Stocks in Europe are pointing to a broadly higher open on Wednesday, and US stocks are holding yesterday’s gains as attention shifts to the Federal Reserve interest rate decision.
- COVID continues to spread in China, hurting demand for Asian stocks
- DAX holds steady -German exports drop -3.3% as Ukraine war takes its toll
- USD rises as Fed is set to hike rates by 0.5% & start QT, the focus will be on the outlook
European stocks gained yesterday boosted by encouraging macro data and upbeat earnings. UK manufacturing PMI was upwardly revised to 55.8 in April, up from a preliminary reading of 55.5, and eurozone unemployment fell to 6.8%, a record low. Meanwhile, BP reported a surge in profits amid growing calls for a windfall tax as household energy prices surge and investors mulled over the prospect of HSBC spinning off its Asia business.
The FTSE closed +0.2% and the DAX booked gains of 0.7%.
China
Today bourses are heading for a stronger start despite weakness in Asia overnight as the COVID picture continues to deteriorate; Beijing has shut metro stations and is curbing public transport as it presses ahead with its zero-COVID policy, regardless of the economic cost. There is no end to lockdown in sight in Shanghai, and Beijing looks to be heading towards a similar fate.
While global manufacturing data is holding up so far, the outlook is darkening amid expectations of further supply chain disruptions.
Eurozone data
German trade data revealed a plunge in exports in March as the first hard evidence of the impact of the Ukraine war on the German economy. Exports tumbled by -3.3% MoM and exports to Russia literally came to a standstill. With COVID lockdowns in China and a continuation of last year’s supply chain issues, in addition to falling exports, the outlook for the German economy is darkening. The DAX is trading flat.
Eurozone retail sales are expected to show sales slowing in March -0.1% MoM after 0.3% growth in February. Weaker sales are forecast as energy prices jumped in March, inflation hit a record high, and the cost of the living crisis meant households reined in their spending.
EURUSD trades above 1.05 for now, but its direction is likely to be dictated by the Fed later.
The Fed
The key focus for the markets today is the Federal Reserve rate announcement due later. A 50 basis point rate hike by the Fed is 100% priced in, which opens the door to a buy the rumor sell the fact response.

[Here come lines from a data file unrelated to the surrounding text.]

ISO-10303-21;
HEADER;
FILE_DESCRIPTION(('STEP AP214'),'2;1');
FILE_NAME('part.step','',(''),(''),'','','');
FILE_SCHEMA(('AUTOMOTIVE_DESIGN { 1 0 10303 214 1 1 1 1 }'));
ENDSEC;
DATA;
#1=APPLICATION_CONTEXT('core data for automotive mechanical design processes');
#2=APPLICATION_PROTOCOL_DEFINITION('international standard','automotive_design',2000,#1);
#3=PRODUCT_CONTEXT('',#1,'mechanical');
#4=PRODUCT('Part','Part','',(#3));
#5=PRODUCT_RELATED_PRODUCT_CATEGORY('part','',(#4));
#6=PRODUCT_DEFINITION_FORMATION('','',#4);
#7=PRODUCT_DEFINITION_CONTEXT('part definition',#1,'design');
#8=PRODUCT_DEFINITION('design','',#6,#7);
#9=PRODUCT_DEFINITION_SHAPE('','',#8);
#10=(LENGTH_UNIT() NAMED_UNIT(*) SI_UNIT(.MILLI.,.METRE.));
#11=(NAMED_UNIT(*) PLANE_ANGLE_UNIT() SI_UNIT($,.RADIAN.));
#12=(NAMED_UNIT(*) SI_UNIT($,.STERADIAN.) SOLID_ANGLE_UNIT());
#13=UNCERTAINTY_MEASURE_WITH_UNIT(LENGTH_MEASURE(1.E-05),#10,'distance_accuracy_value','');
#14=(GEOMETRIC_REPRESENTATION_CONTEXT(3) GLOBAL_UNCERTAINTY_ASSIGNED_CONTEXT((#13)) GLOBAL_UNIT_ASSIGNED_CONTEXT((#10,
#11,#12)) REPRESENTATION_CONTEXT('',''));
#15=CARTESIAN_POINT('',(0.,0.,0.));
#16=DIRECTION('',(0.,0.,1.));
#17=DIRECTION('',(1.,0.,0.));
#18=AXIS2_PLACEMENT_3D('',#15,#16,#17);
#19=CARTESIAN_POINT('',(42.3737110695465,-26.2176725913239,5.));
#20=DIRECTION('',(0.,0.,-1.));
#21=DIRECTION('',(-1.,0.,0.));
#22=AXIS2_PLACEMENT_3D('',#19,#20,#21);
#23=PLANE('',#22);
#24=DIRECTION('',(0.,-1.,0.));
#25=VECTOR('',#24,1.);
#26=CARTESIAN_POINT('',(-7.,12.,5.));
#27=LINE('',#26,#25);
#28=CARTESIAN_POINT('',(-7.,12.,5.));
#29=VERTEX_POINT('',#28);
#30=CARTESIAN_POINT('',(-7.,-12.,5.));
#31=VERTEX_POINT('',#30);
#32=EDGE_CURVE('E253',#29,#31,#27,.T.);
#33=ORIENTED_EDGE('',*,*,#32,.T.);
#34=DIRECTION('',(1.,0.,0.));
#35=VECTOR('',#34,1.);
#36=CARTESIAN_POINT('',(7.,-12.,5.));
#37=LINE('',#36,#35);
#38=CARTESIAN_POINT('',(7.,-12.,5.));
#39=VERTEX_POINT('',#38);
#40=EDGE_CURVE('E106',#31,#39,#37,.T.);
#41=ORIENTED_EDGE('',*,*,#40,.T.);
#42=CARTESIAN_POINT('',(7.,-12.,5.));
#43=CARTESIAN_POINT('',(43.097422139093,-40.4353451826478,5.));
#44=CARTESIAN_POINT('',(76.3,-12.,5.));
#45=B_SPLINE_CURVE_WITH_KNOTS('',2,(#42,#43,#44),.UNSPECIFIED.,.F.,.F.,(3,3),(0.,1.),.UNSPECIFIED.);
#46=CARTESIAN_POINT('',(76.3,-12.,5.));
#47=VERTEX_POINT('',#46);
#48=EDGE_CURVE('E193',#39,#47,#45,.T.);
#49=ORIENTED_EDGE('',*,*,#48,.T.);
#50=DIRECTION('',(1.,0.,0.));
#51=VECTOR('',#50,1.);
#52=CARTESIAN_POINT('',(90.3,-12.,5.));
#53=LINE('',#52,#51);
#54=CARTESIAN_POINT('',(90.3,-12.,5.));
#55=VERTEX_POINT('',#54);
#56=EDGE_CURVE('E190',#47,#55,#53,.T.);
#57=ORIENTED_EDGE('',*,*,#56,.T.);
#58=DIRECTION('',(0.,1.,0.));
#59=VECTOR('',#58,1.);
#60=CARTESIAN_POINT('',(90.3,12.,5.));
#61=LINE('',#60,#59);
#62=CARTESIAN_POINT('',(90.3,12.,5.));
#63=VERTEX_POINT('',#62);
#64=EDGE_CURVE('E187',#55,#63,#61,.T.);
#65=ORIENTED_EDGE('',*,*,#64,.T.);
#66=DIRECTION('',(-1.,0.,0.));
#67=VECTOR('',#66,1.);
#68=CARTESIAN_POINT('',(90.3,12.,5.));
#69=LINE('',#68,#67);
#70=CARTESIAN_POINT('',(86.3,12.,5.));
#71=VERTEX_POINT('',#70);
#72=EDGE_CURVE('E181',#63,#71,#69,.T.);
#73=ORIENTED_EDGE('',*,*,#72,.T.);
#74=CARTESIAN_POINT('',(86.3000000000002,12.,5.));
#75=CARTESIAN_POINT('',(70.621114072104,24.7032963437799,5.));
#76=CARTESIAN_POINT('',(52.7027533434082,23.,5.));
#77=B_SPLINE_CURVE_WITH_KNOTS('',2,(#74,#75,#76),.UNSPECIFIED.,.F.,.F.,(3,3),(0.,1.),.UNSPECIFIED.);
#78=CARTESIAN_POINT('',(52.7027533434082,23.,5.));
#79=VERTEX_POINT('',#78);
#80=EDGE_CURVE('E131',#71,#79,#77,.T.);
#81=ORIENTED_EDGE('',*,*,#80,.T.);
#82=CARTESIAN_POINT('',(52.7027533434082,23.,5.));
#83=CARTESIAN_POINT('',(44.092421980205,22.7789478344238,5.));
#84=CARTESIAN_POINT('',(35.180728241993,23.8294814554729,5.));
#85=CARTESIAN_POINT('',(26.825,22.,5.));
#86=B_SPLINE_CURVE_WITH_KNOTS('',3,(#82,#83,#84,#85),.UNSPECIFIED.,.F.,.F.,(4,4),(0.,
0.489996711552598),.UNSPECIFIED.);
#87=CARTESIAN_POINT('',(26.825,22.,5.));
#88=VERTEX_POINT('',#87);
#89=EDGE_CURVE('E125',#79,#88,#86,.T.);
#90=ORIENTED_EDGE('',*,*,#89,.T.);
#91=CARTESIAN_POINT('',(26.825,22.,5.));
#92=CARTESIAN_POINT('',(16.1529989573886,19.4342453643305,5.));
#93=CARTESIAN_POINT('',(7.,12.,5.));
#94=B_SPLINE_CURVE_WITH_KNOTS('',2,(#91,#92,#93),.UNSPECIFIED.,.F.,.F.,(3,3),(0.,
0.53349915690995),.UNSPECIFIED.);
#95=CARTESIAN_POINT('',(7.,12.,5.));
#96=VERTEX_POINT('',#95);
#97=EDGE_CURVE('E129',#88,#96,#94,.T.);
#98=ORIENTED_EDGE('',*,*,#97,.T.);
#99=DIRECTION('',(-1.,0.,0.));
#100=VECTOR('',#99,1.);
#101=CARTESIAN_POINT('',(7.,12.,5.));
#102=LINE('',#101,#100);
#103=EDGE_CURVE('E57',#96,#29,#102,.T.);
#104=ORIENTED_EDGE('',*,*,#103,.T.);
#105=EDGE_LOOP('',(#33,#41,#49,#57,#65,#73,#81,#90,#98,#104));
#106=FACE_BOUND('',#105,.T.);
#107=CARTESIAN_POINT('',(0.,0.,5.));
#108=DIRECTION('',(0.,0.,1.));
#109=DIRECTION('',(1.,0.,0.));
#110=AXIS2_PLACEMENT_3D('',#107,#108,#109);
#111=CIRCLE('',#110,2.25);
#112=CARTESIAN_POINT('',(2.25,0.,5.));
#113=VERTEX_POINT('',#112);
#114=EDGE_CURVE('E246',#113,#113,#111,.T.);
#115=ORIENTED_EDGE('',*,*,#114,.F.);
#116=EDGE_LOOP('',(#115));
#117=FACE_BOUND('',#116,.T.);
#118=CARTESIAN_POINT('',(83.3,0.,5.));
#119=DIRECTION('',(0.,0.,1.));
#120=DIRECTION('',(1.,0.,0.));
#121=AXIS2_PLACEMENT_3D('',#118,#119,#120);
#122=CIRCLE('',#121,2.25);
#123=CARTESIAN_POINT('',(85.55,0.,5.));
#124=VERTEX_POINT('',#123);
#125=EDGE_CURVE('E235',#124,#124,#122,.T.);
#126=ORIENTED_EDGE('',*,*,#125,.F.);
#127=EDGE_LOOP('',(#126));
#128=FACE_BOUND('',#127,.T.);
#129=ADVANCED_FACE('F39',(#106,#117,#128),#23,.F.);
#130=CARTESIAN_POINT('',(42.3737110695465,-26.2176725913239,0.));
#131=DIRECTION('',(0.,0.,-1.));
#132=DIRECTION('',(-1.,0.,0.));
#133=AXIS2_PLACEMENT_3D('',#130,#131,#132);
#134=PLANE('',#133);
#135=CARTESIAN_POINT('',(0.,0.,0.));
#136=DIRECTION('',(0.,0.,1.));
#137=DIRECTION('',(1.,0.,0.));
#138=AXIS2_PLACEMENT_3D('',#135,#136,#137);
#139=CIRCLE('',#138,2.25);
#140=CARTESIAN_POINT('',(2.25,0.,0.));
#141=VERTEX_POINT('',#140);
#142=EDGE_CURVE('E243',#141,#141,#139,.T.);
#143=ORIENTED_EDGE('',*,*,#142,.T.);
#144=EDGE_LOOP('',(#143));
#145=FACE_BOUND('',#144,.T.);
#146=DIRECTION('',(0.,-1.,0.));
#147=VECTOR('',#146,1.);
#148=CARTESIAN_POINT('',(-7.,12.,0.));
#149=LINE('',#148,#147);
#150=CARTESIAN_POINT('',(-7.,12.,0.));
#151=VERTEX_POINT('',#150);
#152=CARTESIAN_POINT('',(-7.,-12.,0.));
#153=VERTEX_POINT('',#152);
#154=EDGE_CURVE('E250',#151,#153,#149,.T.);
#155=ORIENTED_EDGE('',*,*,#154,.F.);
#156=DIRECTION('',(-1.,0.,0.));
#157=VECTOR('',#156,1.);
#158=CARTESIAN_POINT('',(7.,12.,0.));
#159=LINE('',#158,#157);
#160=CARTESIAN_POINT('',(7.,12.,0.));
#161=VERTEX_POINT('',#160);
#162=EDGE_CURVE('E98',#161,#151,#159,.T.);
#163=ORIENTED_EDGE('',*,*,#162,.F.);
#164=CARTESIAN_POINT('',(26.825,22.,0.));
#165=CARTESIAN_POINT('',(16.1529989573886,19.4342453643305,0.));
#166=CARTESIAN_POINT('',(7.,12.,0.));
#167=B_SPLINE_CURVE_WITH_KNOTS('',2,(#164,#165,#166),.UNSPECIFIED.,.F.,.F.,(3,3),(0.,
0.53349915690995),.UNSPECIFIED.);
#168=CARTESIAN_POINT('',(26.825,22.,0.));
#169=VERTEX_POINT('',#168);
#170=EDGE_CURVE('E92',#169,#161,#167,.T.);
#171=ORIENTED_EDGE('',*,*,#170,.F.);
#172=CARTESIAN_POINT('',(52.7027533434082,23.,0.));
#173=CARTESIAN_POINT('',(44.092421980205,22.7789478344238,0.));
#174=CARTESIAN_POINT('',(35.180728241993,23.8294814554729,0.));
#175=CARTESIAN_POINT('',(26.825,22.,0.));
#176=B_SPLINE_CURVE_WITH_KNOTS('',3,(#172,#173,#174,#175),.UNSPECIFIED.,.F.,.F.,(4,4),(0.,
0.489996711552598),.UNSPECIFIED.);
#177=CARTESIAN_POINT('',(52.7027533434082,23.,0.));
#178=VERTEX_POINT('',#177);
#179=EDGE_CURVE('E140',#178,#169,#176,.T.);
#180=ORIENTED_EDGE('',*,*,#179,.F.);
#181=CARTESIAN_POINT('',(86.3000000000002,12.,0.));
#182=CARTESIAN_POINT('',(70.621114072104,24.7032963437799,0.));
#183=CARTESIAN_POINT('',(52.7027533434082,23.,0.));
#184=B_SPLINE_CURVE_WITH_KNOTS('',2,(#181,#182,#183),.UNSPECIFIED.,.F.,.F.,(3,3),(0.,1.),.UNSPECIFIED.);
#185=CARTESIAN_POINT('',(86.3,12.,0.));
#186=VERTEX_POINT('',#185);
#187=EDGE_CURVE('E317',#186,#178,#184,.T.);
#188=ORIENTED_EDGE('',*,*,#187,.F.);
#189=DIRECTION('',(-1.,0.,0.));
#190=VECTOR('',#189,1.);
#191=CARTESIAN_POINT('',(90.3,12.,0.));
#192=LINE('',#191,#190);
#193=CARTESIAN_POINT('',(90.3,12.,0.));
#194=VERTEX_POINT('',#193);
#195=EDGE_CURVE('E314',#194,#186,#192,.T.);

Attention will be on the Fed’s plans to trim its $9 trillion balance sheet and how aggressively the US central bank plans to raise interest rates from here. The Fed has hinted that they want to front-load monetary tightening, but the question is just how far are they willing to go with the most significant shift in monetary policy in decades? The US labor market remains incredibly tight with a record 11.5 million unfilled vacancies, which gives Fed Powell & Co. room to act aggressively without fearing a recession.
A base-case scenario would be a 50 basis point rate hike, $95 billion quantitative tightening, and a reiteration that what comes next is data-dependent. This is, broadly speaking, priced in.
A more hawkish Fed could boost the USD index back towards 104.00, pulling EUR/USD to fresh 2022 lows.
Under this scenario, Gold, which has already lost 1.6% in May, could head lower towards $1830, and the NASDAQ could extend the 13% selloff experienced in May.